#### WORK ITEM:
Your job is to set down the stretch of entries that opens with the line containing "HvCoorn_bACChrgLinkOk : Outport" and closes with the line containing "HvCoorn_stWarmTimeCfgResp : Outport". Keep both end lines, copy each exactly, and add nothing.

#### RECORDS:
======

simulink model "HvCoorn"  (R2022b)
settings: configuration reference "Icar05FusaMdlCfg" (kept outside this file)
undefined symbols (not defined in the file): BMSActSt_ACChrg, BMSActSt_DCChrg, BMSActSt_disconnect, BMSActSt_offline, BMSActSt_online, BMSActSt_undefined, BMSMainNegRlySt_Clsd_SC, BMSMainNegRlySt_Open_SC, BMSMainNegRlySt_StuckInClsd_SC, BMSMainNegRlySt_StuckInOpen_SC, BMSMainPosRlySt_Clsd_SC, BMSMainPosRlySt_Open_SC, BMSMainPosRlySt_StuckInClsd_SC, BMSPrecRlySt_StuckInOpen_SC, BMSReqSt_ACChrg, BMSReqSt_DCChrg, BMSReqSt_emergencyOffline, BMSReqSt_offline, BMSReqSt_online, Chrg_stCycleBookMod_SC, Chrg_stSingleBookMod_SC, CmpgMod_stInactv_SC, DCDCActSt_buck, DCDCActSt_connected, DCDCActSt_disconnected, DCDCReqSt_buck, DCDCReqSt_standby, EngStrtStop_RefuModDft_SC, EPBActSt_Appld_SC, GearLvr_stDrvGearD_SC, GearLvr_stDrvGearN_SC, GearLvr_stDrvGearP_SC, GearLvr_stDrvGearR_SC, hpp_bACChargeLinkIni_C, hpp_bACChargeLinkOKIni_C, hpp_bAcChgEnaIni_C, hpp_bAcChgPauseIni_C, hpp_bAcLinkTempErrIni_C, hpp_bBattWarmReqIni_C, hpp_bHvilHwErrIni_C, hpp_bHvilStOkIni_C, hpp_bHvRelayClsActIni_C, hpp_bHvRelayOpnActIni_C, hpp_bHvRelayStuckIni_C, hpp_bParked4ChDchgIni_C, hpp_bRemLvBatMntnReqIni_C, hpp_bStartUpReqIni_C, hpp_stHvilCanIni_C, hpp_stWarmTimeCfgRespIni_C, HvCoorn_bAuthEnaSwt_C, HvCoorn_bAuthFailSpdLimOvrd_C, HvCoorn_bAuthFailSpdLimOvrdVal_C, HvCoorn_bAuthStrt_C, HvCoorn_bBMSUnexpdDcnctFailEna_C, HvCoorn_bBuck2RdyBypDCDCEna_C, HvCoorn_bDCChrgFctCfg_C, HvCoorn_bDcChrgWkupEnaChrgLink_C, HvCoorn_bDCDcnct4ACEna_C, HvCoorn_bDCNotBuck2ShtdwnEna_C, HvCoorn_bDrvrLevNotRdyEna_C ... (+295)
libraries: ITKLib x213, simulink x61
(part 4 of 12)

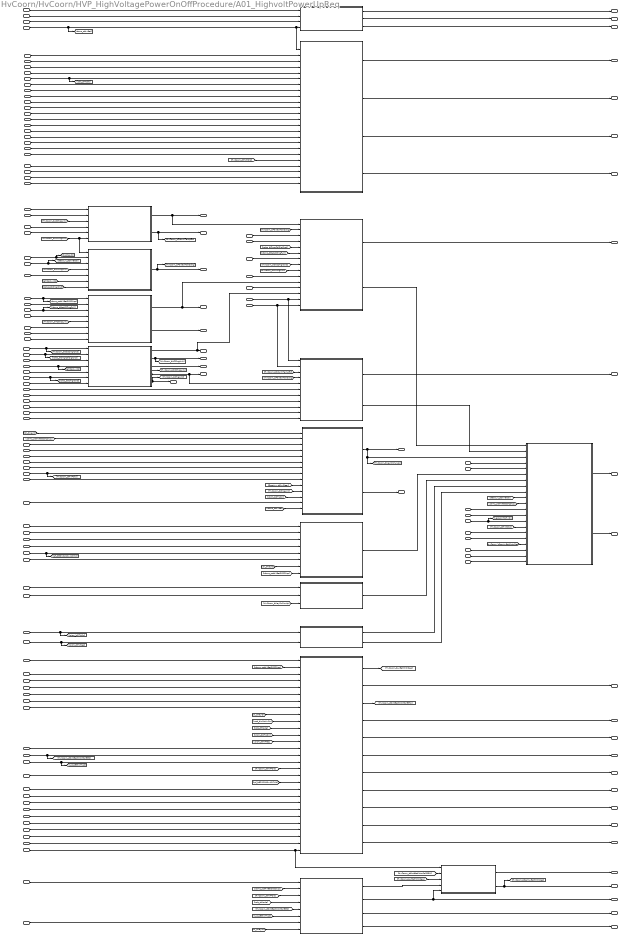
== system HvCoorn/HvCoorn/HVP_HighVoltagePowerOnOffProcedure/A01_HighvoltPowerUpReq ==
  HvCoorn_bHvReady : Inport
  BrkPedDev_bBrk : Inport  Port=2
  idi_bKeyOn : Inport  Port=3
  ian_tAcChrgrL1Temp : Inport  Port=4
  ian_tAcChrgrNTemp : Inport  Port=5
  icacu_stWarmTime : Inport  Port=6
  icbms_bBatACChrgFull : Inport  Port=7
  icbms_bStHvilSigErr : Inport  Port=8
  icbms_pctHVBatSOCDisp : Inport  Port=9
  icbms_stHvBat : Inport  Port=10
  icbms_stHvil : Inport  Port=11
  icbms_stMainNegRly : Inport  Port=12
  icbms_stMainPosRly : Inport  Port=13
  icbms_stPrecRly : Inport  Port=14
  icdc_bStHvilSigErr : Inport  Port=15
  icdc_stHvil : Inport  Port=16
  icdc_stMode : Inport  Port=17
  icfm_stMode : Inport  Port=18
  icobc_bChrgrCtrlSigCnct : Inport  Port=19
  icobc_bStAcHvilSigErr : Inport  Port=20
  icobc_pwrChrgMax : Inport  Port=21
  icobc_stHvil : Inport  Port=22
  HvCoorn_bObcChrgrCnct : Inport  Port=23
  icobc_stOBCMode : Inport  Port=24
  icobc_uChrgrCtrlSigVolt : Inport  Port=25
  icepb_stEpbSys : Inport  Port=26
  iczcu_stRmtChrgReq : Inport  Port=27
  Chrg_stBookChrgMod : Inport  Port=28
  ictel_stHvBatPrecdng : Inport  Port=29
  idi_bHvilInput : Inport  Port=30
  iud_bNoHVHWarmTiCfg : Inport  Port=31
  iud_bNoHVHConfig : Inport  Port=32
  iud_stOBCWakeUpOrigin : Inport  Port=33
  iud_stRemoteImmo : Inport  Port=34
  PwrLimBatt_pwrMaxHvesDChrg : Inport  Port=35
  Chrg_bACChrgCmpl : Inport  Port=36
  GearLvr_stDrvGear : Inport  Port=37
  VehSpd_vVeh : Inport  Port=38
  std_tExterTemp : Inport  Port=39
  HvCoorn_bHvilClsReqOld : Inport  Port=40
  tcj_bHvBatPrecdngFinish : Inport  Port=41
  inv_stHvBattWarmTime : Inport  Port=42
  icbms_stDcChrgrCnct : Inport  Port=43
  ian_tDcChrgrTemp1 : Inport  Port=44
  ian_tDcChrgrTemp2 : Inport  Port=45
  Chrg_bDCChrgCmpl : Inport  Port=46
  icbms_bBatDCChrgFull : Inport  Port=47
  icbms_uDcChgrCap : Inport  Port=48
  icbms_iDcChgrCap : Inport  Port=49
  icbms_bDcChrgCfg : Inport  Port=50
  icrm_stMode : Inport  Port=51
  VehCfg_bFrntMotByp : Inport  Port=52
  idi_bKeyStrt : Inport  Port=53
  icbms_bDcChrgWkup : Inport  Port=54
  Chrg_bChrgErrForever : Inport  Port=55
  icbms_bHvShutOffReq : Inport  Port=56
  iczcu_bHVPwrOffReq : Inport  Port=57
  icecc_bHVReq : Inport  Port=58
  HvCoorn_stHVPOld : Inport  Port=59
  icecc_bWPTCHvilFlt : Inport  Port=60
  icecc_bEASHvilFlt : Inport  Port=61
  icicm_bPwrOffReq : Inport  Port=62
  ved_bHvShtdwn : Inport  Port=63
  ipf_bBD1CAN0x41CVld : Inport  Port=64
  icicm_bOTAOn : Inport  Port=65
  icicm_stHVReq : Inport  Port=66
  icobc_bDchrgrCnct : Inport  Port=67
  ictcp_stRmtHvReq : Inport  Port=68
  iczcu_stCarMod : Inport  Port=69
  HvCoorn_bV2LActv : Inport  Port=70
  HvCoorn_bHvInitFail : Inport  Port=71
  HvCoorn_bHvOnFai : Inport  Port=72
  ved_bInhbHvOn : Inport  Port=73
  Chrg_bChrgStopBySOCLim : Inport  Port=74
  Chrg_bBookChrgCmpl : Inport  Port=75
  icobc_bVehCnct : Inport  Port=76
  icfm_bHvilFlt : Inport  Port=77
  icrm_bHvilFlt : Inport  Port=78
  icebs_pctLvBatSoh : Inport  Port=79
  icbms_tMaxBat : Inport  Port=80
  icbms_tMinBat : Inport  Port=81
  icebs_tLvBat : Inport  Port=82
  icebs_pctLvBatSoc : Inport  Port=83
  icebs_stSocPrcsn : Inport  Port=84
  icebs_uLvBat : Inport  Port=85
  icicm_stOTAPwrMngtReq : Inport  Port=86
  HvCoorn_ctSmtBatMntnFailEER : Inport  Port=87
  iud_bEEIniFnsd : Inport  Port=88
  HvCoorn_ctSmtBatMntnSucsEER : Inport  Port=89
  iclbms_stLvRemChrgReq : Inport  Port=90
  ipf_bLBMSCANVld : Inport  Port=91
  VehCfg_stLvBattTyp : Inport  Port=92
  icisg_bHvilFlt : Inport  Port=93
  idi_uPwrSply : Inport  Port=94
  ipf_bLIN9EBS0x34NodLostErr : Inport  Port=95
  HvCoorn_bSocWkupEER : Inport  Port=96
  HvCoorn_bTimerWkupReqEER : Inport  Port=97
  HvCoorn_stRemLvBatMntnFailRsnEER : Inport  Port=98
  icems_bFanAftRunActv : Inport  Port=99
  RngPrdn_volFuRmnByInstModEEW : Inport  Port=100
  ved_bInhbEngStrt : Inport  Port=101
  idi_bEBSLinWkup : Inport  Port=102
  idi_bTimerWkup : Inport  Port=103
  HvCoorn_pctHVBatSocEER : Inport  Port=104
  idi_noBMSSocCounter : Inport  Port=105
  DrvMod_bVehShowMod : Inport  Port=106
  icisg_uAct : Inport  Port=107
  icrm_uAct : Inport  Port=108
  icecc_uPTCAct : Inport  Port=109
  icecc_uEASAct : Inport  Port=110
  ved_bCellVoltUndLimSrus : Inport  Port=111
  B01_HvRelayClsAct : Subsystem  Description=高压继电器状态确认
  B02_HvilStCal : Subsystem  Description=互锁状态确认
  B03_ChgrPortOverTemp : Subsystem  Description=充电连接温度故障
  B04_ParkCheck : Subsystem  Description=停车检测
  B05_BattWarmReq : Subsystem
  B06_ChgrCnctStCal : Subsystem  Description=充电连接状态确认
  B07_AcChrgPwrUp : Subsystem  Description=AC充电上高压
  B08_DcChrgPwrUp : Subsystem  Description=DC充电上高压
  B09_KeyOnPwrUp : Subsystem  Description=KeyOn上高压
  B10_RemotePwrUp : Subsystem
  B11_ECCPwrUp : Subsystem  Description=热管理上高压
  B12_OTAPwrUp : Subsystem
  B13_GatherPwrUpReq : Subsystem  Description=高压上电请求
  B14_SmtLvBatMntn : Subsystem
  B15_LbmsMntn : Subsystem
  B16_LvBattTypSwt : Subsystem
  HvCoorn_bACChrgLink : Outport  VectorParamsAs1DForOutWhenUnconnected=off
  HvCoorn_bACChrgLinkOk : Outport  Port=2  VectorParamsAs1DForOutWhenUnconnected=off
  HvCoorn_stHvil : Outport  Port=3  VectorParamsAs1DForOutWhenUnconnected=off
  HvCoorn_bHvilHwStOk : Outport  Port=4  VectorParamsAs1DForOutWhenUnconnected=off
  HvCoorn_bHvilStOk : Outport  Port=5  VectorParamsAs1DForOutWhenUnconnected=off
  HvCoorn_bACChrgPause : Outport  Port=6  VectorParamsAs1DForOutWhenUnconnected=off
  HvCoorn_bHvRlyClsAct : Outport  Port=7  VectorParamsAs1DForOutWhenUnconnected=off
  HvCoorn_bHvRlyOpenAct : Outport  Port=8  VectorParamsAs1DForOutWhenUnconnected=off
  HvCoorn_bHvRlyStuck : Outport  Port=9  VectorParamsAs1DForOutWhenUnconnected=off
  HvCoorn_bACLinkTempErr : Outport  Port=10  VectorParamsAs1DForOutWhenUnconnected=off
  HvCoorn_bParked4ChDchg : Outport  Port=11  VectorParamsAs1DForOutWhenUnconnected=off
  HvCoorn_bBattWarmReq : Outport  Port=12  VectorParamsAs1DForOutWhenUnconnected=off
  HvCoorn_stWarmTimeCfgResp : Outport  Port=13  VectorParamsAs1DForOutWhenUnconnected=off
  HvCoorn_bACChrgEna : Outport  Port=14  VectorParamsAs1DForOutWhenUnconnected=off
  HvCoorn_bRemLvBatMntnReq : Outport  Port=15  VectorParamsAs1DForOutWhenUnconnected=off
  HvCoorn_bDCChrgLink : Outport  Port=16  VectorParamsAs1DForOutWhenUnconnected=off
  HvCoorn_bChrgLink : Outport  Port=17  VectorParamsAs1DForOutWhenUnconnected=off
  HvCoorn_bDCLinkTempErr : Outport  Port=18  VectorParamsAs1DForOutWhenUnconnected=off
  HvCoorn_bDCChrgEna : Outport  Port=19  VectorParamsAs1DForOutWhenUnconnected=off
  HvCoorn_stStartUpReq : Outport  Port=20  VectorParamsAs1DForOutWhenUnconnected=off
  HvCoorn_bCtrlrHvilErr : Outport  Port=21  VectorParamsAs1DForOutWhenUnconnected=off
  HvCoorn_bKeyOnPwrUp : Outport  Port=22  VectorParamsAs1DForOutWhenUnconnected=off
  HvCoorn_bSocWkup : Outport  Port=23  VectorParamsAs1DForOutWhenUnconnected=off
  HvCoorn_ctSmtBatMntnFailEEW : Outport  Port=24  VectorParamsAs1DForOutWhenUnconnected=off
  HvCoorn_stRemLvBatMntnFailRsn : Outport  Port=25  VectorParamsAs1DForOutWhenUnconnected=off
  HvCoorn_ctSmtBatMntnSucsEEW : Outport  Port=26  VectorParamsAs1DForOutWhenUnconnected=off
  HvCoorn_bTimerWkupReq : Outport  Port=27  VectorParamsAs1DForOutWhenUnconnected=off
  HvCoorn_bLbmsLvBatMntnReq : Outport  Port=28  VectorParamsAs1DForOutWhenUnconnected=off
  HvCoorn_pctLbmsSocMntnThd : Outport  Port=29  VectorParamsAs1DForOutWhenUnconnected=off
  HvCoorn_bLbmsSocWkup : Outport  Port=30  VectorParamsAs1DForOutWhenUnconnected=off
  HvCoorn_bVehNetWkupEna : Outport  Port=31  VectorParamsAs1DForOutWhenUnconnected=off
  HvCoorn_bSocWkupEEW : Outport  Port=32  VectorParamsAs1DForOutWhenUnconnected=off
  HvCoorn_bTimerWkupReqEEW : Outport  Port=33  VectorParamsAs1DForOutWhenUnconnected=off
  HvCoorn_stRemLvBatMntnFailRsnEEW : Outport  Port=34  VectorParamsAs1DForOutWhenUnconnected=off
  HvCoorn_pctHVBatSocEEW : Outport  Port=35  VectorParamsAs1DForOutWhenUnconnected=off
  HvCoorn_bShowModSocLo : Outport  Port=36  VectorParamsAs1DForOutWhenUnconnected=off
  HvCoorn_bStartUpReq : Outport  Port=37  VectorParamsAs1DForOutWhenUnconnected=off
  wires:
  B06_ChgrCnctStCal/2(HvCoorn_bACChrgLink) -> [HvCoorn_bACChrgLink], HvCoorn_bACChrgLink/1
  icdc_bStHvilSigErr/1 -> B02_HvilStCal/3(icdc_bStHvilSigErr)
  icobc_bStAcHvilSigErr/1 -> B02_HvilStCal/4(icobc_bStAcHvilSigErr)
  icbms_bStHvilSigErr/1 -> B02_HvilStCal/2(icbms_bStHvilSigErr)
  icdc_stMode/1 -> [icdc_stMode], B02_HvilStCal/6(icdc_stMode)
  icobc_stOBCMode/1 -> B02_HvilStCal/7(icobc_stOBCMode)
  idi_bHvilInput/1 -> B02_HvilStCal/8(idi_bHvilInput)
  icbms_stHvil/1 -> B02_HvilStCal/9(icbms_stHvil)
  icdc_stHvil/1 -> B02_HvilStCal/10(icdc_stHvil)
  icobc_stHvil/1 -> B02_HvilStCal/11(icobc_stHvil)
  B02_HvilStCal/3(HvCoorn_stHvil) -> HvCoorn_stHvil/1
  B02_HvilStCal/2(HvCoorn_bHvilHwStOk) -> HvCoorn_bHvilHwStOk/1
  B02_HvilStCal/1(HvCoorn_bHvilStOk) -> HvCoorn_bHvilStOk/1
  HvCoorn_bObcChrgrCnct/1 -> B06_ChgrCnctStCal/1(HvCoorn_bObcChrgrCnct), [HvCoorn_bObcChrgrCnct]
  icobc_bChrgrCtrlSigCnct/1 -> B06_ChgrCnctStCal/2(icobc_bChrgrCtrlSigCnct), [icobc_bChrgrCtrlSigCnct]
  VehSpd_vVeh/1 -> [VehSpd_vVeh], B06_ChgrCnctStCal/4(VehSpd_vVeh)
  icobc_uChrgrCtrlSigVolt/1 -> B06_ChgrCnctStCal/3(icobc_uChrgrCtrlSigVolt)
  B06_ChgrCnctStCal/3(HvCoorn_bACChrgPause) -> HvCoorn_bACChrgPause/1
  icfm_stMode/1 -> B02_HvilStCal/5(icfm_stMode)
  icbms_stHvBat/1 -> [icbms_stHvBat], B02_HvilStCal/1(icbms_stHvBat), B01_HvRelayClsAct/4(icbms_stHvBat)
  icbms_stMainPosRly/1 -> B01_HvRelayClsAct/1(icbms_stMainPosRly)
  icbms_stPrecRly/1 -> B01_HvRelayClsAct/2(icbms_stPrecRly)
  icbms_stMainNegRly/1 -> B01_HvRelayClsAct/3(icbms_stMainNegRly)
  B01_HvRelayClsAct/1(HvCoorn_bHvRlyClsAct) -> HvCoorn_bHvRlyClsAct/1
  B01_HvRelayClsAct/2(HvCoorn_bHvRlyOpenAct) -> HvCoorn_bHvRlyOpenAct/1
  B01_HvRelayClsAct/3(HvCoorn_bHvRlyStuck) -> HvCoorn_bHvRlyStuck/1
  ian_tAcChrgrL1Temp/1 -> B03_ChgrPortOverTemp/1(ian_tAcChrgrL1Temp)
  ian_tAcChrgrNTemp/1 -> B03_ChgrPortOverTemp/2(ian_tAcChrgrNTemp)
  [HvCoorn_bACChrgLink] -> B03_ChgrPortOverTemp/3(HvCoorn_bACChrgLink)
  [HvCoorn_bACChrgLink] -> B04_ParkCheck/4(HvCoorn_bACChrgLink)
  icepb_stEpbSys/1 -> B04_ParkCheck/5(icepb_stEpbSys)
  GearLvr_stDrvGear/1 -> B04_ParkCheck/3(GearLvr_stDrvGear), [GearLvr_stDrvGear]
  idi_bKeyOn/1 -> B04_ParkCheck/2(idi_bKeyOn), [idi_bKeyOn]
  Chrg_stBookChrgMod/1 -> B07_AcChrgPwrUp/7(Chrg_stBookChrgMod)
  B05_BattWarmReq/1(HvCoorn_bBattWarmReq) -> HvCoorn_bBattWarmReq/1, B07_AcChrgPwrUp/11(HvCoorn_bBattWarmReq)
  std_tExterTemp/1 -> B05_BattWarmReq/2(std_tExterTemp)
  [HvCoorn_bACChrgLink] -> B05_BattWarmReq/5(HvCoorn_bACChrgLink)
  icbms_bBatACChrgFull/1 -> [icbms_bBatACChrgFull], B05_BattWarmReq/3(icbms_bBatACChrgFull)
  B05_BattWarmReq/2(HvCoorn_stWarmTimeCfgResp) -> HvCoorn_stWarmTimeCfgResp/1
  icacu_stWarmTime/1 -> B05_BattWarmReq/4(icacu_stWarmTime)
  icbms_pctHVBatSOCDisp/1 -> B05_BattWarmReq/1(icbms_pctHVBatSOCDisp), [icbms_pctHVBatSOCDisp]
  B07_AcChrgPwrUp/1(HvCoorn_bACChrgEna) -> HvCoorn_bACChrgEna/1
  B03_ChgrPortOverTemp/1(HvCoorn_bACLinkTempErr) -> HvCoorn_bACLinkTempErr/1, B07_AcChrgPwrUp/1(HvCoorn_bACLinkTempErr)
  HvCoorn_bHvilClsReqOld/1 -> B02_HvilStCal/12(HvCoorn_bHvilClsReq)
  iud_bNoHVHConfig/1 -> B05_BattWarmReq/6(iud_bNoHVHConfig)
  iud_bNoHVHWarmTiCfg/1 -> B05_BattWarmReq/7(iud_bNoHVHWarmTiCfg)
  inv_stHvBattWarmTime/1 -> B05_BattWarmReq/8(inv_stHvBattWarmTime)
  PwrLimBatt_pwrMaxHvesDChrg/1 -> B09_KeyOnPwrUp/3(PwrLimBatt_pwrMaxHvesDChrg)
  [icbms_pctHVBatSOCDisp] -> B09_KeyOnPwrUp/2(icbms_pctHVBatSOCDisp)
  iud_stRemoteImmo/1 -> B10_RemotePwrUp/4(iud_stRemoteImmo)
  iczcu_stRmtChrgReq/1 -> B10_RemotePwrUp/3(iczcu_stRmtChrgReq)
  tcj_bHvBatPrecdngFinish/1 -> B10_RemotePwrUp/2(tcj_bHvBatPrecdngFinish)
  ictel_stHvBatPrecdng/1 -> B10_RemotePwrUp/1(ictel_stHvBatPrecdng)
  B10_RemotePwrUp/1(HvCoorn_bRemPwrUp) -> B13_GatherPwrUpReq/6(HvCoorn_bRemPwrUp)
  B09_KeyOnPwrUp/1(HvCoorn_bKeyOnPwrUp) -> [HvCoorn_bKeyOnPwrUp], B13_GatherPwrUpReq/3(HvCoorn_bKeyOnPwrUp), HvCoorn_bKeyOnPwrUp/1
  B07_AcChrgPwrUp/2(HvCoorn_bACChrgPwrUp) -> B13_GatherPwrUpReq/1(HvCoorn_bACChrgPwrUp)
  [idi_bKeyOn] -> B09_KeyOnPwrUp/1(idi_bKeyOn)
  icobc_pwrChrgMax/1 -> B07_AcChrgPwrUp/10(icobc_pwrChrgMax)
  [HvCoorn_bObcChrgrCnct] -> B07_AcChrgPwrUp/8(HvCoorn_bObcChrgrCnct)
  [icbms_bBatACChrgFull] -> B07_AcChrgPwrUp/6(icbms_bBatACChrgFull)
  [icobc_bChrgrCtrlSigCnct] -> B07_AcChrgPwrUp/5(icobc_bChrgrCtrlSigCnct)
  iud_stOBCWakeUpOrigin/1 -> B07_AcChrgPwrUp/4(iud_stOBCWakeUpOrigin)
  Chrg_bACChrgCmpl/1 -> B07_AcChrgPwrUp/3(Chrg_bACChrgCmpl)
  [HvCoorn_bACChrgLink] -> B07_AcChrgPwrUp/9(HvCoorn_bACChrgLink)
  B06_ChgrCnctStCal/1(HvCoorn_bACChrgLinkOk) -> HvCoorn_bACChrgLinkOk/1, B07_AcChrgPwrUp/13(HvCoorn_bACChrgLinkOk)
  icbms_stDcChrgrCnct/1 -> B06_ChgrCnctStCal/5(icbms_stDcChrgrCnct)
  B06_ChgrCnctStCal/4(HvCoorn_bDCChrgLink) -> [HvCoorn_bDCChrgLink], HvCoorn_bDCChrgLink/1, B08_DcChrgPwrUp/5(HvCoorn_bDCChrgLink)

======

#### RESPONSE BELOW:
  HvCoorn_bACChrgLinkOk : Outport  Port=2  VectorParamsAs1DForOutWhenUnconnected=off
  HvCoorn_stHvil : Outport  Port=3  VectorParamsAs1DForOutWhenUnconnected=off
  HvCoorn_bHvilHwStOk : Outport  Port=4  VectorParamsAs1DForOutWhenUnconnected=off
  HvCoorn_bHvilStOk : Outport  Port=5  VectorParamsAs1DForOutWhenUnconnected=off
  HvCoorn_bACChrgPause : Outport  Port=6  VectorParamsAs1DForOutWhenUnconnected=off
  HvCoorn_bHvRlyClsAct : Outport  Port=7  VectorParamsAs1DForOutWhenUnconnected=off
  HvCoorn_bHvRlyOpenAct : Outport  Port=8  VectorParamsAs1DForOutWhenUnconnected=off
  HvCoorn_bHvRlyStuck : Outport  Port=9  VectorParamsAs1DForOutWhenUnconnected=off
  HvCoorn_bACLinkTempErr : Outport  Port=10  VectorParamsAs1DForOutWhenUnconnected=off
  HvCoorn_bParked4ChDchg : Outport  Port=11  VectorParamsAs1DForOutWhenUnconnected=off
  HvCoorn_bBattWarmReq : Outport  Port=12  VectorParamsAs1DForOutWhenUnconnected=off
  HvCoorn_stWarmTimeCfgResp : Outport  Port=13  VectorParamsAs1DForOutWhenUnconnected=off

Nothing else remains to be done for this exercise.